Introduction: What they say:
A recent study from the Institute of Biophysics, Chinese Academy of Sciences, Beijing, China shows that “Sox2 functions as a sequence-specific DNA sensor in neutrophils to initiate innate immunity against microbial infection.” This study was published in the 2 March 2015 issue of the Journal “Nature Immunology” [the number one journal in immunological research with an impact factor of 24.973] by Drs.

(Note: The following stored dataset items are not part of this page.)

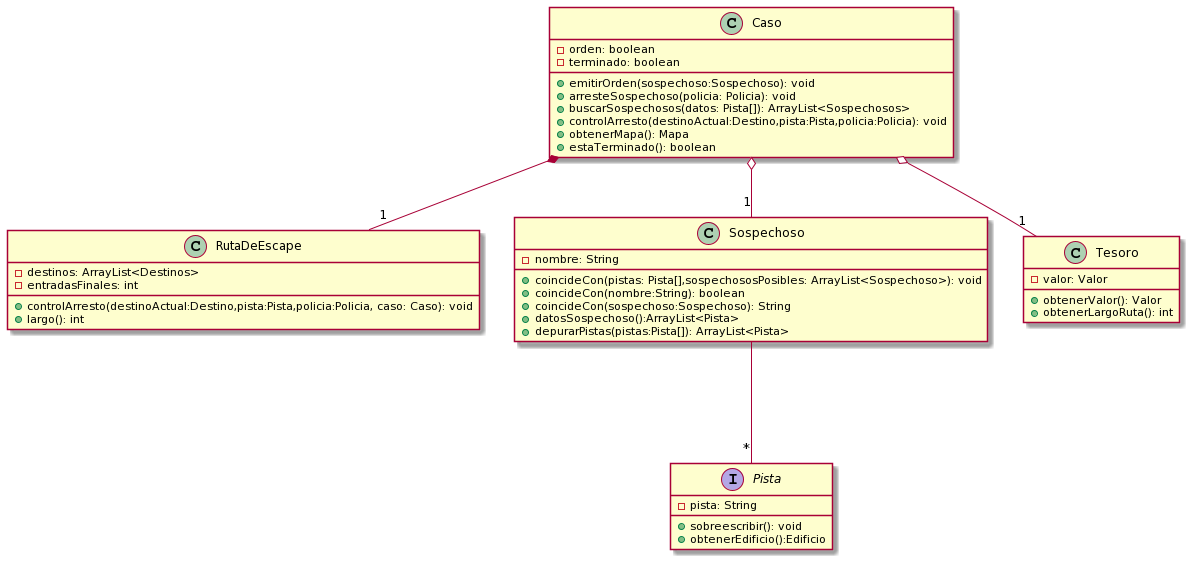

The diagram above was rendered by PlantUML. Its source (embedded in the PNG):
@startuml
Class Caso{
  -orden: boolean
  -terminado: boolean
  +emitirOrden(sospechoso:Sospechoso): void
  +arresteSospechoso(policia: Policia): void
  +buscarSospechosos(datos: Pista[]): ArrayList<Sospechosos>
  +controlArresto(destinoActual:Destino,pista:Pista,policia:Policia): void
  +obtenerMapa(): Mapa
  +estaTerminado(): boolean
}

Class RutaDeEscape{
  -destinos: ArrayList<Destinos>
  -entradasFinales: int
    +controlArresto(destinoActual:Destino,pista:Pista,policia:Policia, caso: Caso): void
    +largo(): int
}
CLass Sospechoso{
  -nombre: String
  +coincideCon(pistas: Pista[],sospechososPosibles: ArrayList<Sospechoso>): void
  +coincideCon(nombre:String): boolean
  +coincideCon(sospechoso:Sospechoso): String
  +datosSospechoso():ArrayList<Pista>
  +depurarPistas(pistas:Pista[]): ArrayList<Pista>
}
Class Tesoro{
  -valor: Valor
  +obtenerValor(): Valor
  +obtenerLargoRuta(): int
}
Interface Pista{
  -pista: String
  +sobreescribir(): void
  +obtenerEdificio():Edificio
}
Caso o--"1"Sospechoso
Caso o--"1"Tesoro
Caso*--"1"RutaDeEscape
Sospechoso---"*" Pista
@enduml
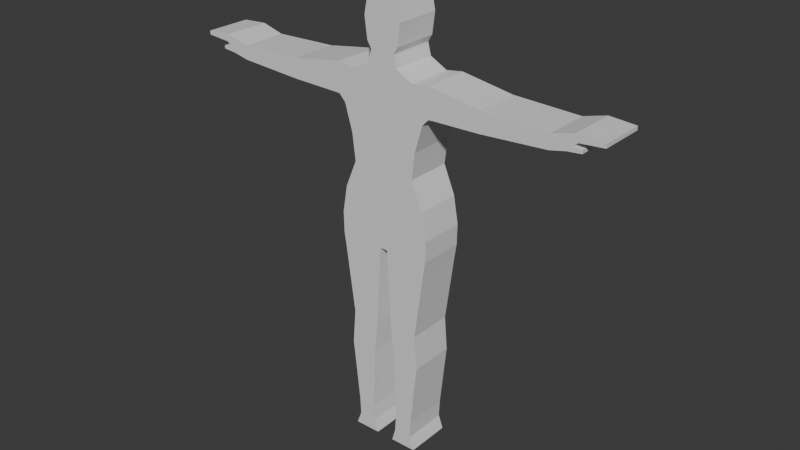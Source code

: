 # Source: grzesia.blend  (saved by Blender 4.1.24; exported with 4.5.12 LTS)
import bpy
from mathutils import Matrix  # noqa: F401  (used for matrix-valued properties, if any)

bpy.ops.wm.read_factory_settings(use_empty=True)
scene = bpy.context.scene
scene.name = 'Scene'

# ---- collections
col_collection = bpy.data.collections.new('Collection'); scene.collection.children.link(col_collection)

# ---- materials (node trees are filled in below, after node groups)
mat_material = bpy.data.materials.new('Material')
mat_material.alpha_threshold = 0.0
mat_material.use_transparent_shadow = False
mat_material.roughness = 0.5
mat_material.line_color = (0.0, 0.0, 0.0, 1.0)

# ---- material node trees
mat_material.use_nodes = True; mat_material.node_tree.nodes.clear()
_N = mat_material.node_tree.nodes; _L = mat_material.node_tree.links
n0 = _N.new('ShaderNodeOutputMaterial'); n0.name = 'Material Output'; n0.location = (300, 300)
n1 = _N.new('ShaderNodeBsdfPrincipled'); n1.name = 'Principled BSDF'; n1.location = (10, 300)
n1.inputs[3].default_value = 1.45
_L.new(n1.outputs[0], n0.inputs[0])
n0.is_active_output = True

# ---- world
world_world = bpy.data.worlds.new('World'); scene.world = world_world
world_world.use_nodes = True; world_world.node_tree.nodes.clear()
_N = world_world.node_tree.nodes; _L = world_world.node_tree.links
n0 = _N.new('ShaderNodeOutputWorld'); n0.name = 'World Output'; n0.location = (300, 300)
n1 = _N.new('ShaderNodeBackground'); n1.name = 'Background'; n1.location = (10, 300)
n1.inputs[0].default_value = (0.05088, 0.05088, 0.05088, 1.0)
_L.new(n1.outputs[0], n0.inputs[0])
n0.is_active_output = True
world_world.color = (0.05088, 0.05088, 0.05088)
world_world.use_sun_shadow = False
world_world.sun_shadow_jitter_overblur = 0.0

# ---- meshes
me_cube = bpy.data.meshes.new('Cube')
me_cube.from_pydata([(-0.294, -0.2108, 0.1453), (0.294, -0.2108, 0.1453), (-0.294, 0.2108, 0.1453), (0.294, 0.2108, 0.1453), (0.08551, 0.2108, -2.491), (-0.08551, 0.2108, -2.491), (0.08551, -0.2108, -2.491), (-0.08551, -0.2108, -2.491), (-0.135, 0.2108, 1.592), (0.135, 0.2108, 1.592), (0.3297, 0.2108, -2.491), (-0.3297, 0.2108, -2.491), (-0.135, -0.2108, 1.592), (0.135, -0.2108, 1.592), (0.3297, -0.2108, -2.491), (-0.3297, -0.2108, -2.491), (-0.4417, 0.2108, -0.3579), (0.4417, 0.2108, -0.3579), (0.4417, -0.2108, -0.3579), (-0.4417, -0.2108, -0.3579), (-0.07599, -0.2108, -1.299), (0.07599, -0.2108, -1.299), (0.3323, 0.2108, -1.299), (-0.3323, 0.2108, -1.299), (0.07599, 0.2108, -1.299), (-0.07599, 0.2108, -1.299), (0.3323, -0.2108, -1.299), (-0.3323, -0.2108, -1.299), (0.1307, -0.2108, -2.212), (-0.1307, -0.2108, -2.212), (-0.294, 0.2108, -2.212), (0.294, 0.2108, -2.212), (-0.1307, 0.2108, -2.212), (0.1307, 0.2108, -2.212), (-0.294, -0.2108, -2.212), (0.294, -0.2108, -2.212), (0.294, 0.2108, 0.943), (-0.294, 0.2108, 0.943), (-0.294, -0.2108, 0.943), (0.294, -0.2108, 0.943), (0.453, 0.2108, 0.6943), (-0.453, 0.2108, 0.6943), (0.453, -0.2108, 0.6943), (-0.453, -0.2108, 0.6943), (-0.1388, -0.2108, 1.026), (0.1388, -0.2108, 1.026), (-0.1388, 0.2108, 1.026), (0.1388, 0.2108, 1.026), (-0.1108, -0.2108, 1.136), (0.1108, -0.2108, 1.136), (-0.1108, 0.2108, 1.136), (0.1108, 0.2108, 1.136), (0.1744, -0.2108, 1.394), (-0.1744, -0.2108, 1.394), (0.1744, 0.2108, 1.394), (-0.1744, 0.2108, 1.394), (-1.973, -0.2108, 0.8765), (1.973, -0.2108, 0.8765), (-1.973, -0.2108, 0.911), (1.973, -0.2108, 0.911), (-1.973, 0.2108, 0.911), (1.973, 0.2108, 0.911), (-1.973, 0.2108, 0.8765), (1.973, 0.2108, 0.8765), (0.1202, -0.2108, -2.371), (-0.1202, -0.2108, -2.371), (-0.2863, 0.2108, -2.371), (0.2863, 0.2108, -2.371), (0.1202, 0.2108, -2.371), (-0.1202, 0.2108, -2.371), (-0.2863, -0.2108, -2.371), (0.2863, -0.2108, -2.371), (-0.3582, -0.2108, -1.617), (0.3582, -0.2108, -1.617), (-0.1066, -0.2108, -1.617), (0.1066, -0.2108, -1.617), (-0.3582, 0.2108, -1.617), (0.3582, 0.2108, -1.617), (0.1066, 0.2108, -1.617), (-0.1066, 0.2108, -1.617), (-0.417, -0.2108, -0.6824), (0.417, -0.2108, -0.6824), (-0.03619, -0.2108, -0.57), (0.03619, -0.2108, -0.57), (-0.417, 0.2108, -0.6824), (0.417, 0.2108, -0.6824), (-0.03619, 0.2108, -0.57), (0.03619, 0.2108, -0.57), (0.4375, -0.2108, -0.5484), (-0.4375, -0.2108, -0.5484), (-0.01319, -0.2108, -0.5649), (0.01319, -0.2108, -0.5649), (0.4375, 0.2108, -0.5484), (-0.4375, 0.2108, -0.5484), (-0.01319, 0.2108, -0.5649), (0.01319, 0.2108, -0.5649), (0.3984, -0.2108, -0.1057), (-0.3984, -0.2108, -0.1057), (-0.3984, 0.2108, -0.1057), (0.3984, 0.2108, -0.1057), (-0.3946, 0.2108, 0.6319), (0.3946, 0.2108, 0.6319), (0.3946, -0.2108, 0.6319), (-0.3946, -0.2108, 0.6319), (0.324, 0.2108, 0.3877), (-0.324, 0.2108, 0.3877), (-0.324, -0.2108, 0.3877), (0.324, -0.2108, 0.3877), (-0.9283, -0.2108, 0.889), (0.9283, -0.2108, 0.889), (-0.9292, -0.2108, 0.7063), (0.9292, -0.2108, 0.7063), (-0.9292, 0.2108, 0.7063), (0.9292, 0.2108, 0.7063), (-0.9283, 0.2108, 0.889), (0.9283, 0.2108, 0.889), (-0.4896, -0.2108, 0.6973), (0.4896, -0.2108, 0.6973), (-0.4515, 0.2108, 0.9656), (0.4515, 0.2108, 0.9656), (-0.4515, -0.2108, 0.9656), (0.4515, -0.2108, 0.9656), (-0.4896, 0.2108, 0.6973), (0.4896, 0.2108, 0.6973), (-1.527, -0.2108, 0.8696), (1.527, -0.2108, 0.8696), (-1.527, 0.2108, 0.7433), (1.527, 0.2108, 0.7433), (-1.527, -0.2108, 0.7433), (1.527, -0.2108, 0.7433), (-1.527, 0.2108, 0.8696), (1.527, 0.2108, 0.8696), (-1.736, -0.2108, 0.9274), (1.736, -0.2108, 0.9274), (-1.752, 0.2108, 0.8583), (1.752, 0.2108, 0.8583), (1.752, -0.2108, 0.8583), (-1.752, -0.2108, 0.8583), (1.736, 0.2108, 0.9274), (-1.736, 0.2108, 0.9274), (1.723, -0.2108, 0.8257), (-1.723, -0.2108, 0.8257), (1.668, -0.2108, 0.7748), (-1.668, -0.2108, 0.7748), (1.668, 0.2108, 0.7748), (-1.668, 0.2108, 0.7748), (1.723, 0.2108, 0.8257), (-1.723, 0.2108, 0.8257), (1.795, -0.2108, 0.816), (-1.795, -0.2108, 0.816), (-1.795, -0.2108, 0.787), (1.795, -0.2108, 0.787), (1.795, 0.2108, 0.787), (-1.795, 0.2108, 0.787), (1.795, 0.2108, 0.816), (-1.795, 0.2108, 0.816), (-0.1489, 0.2108, 1.199), (0.1489, 0.2108, 1.199), (0.1489, -0.2108, 1.199), (-0.1489, -0.2108, 1.199), (0.0, 0.2108, 1.638), (0.0, -0.2108, 1.638), (0.01318, 0.2108, -0.564), (0.01318, -0.2108, -0.564), (0.0, 0.2108, -0.5663), (0.0, -0.2108, -0.5663), (-0.01318, -0.2108, -0.564), (-0.01318, 0.2108, -0.564), (0.0, -0.2108, -0.5645), (0.0, 0.2108, -0.5645)], [], [(97, 0, 2, 98), (158, 52, 53, 159), (54, 157, 156, 55), (161, 160, 8, 12), (104, 3, 2, 105), (53, 12, 8, 55), (11, 5, 7, 15), (102, 42, 43, 103), (168, 91, 163), (101, 104, 105, 100), (95, 169, 162), (89, 19, 16, 93), (72, 27, 23, 76), (79, 25, 20, 74), (76, 23, 25, 79), (74, 20, 27, 72), (65, 29, 34, 70), (66, 30, 32, 69), (69, 32, 29, 65), (70, 34, 30, 66), (137, 132, 58, 56), (36, 40, 41, 37), (42, 39, 38, 43), (163, 88, 18, 19, 89, 166, 168), (103, 43, 41, 100), (38, 44, 46, 37), (45, 49, 48, 44), (46, 47, 36, 37), (44, 48, 50, 46), (157, 51, 50, 156), (158, 159, 48, 49), (159, 53, 55, 156), (50, 51, 47, 46), (161, 13, 9, 160), (56, 58, 60, 62), (139, 134, 62, 60), (132, 139, 60, 58), (134, 137, 56, 62), (15, 70, 66, 11), (5, 69, 65, 7), (11, 66, 69, 5), (7, 65, 70, 15), (29, 74, 72, 34), (30, 76, 79, 32), (32, 79, 74, 29), (34, 72, 76, 30), (27, 80, 84, 23), (25, 86, 82, 20), (23, 84, 86, 25), (20, 82, 80, 27), (80, 89, 93, 84), (165, 82, 86, 164), (94, 164, 86, 84, 93, 167), (169, 94, 167), (164, 94, 169, 95), (82, 165, 90, 166, 89, 80), (166, 90, 168), (90, 165, 91, 168), (19, 97, 98, 16), (106, 103, 100, 105), (103, 106, 107, 102), (96, 1, 0, 97), (2, 3, 99, 98), (41, 40, 101, 100), (0, 106, 105, 2), (122, 116, 110, 112), (120, 118, 114, 108), (118, 122, 112, 114), (116, 120, 108, 110), (43, 38, 120, 116), (37, 41, 122, 118), (38, 37, 118, 120), (41, 43, 116, 122), (112, 110, 128, 126), (108, 114, 130, 124), (114, 112, 126, 130), (110, 108, 124, 128), (137, 134, 147, 141), (124, 130, 139, 132), (130, 126, 134, 139), (128, 124, 132, 137), (141, 147, 155, 149), (126, 128, 143, 145), (128, 137, 141, 143), (134, 126, 145, 147), (153, 150, 149, 155), (145, 143, 150, 153), (147, 145, 153, 155), (143, 141, 149, 150), (48, 159, 156, 50), (99, 3, 1, 96), (54, 9, 13, 52), (14, 6, 4, 10), (52, 13, 161, 12, 53), (92, 17, 18, 88), (77, 22, 26, 73), (75, 21, 24, 78), (78, 24, 22, 77), (73, 26, 21, 75), (71, 35, 28, 64), (68, 33, 31, 67), (64, 28, 33, 68), (67, 31, 35, 71), (57, 59, 133, 136), (96, 97, 19, 18), (101, 40, 42, 102), (36, 47, 45, 39), (47, 51, 49, 45), (157, 54, 52, 158), (63, 61, 59, 57), (61, 63, 135, 138), (59, 61, 138, 133), (63, 57, 136, 135), (10, 67, 71, 14), (6, 64, 68, 4), (4, 68, 67, 10), (14, 71, 64, 6), (35, 73, 75, 28), (33, 78, 77, 31), (28, 75, 78, 33), (31, 77, 73, 35), (22, 85, 81, 26), (21, 83, 87, 24), (24, 87, 85, 22), (26, 81, 83, 21), (85, 92, 88, 81), (87, 83, 165, 164), (87, 164, 95, 162, 92, 85), (163, 91, 165, 83, 81, 88), (16, 17, 92, 162, 169, 167, 93), (107, 106, 0, 1), (17, 99, 96, 18), (104, 101, 102, 107), (98, 99, 17, 16), (3, 104, 107, 1), (113, 111, 117, 123), (109, 115, 119, 121), (115, 113, 123, 119), (111, 109, 121, 117), (117, 121, 39, 42), (119, 123, 40, 36), (121, 119, 36, 39), (123, 117, 42, 40), (127, 129, 111, 113), (125, 131, 115, 109), (131, 127, 113, 115), (129, 125, 109, 111), (140, 146, 135, 136), (133, 138, 131, 125), (138, 135, 127, 131), (136, 133, 125, 129), (148, 154, 146, 140), (144, 142, 129, 127), (142, 140, 136, 129), (146, 144, 127, 135), (154, 148, 151, 152), (152, 151, 142, 144), (154, 152, 144, 146), (151, 148, 140, 142), (38, 39, 45, 44), (9, 54, 55, 8, 160), (51, 157, 158, 49)])
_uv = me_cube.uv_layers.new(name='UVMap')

Zusen Fan, Xia and others.
What we say:
On the foundation of this interesting finding, Dr L Boominathan PhD, Director-cum-chief Scientist of GBMD, reports that: Immune enhancement therapy: Interferon-I (IFN-I) increases SOX2 expression and promotes innate immunity against bacterial infection via down-regulation of its target gene
From Research Findings to Therapeutic Opportunity:
This study suggests, for the first time, that IFN-I, by decreasing the expression of its target gene, it may : (1) increase the expression of Sox2; (2) increase the ability of Sox2 to recognize bacterial DNA in cytoplasm; and (3) promote innate immunity against bacterial infection.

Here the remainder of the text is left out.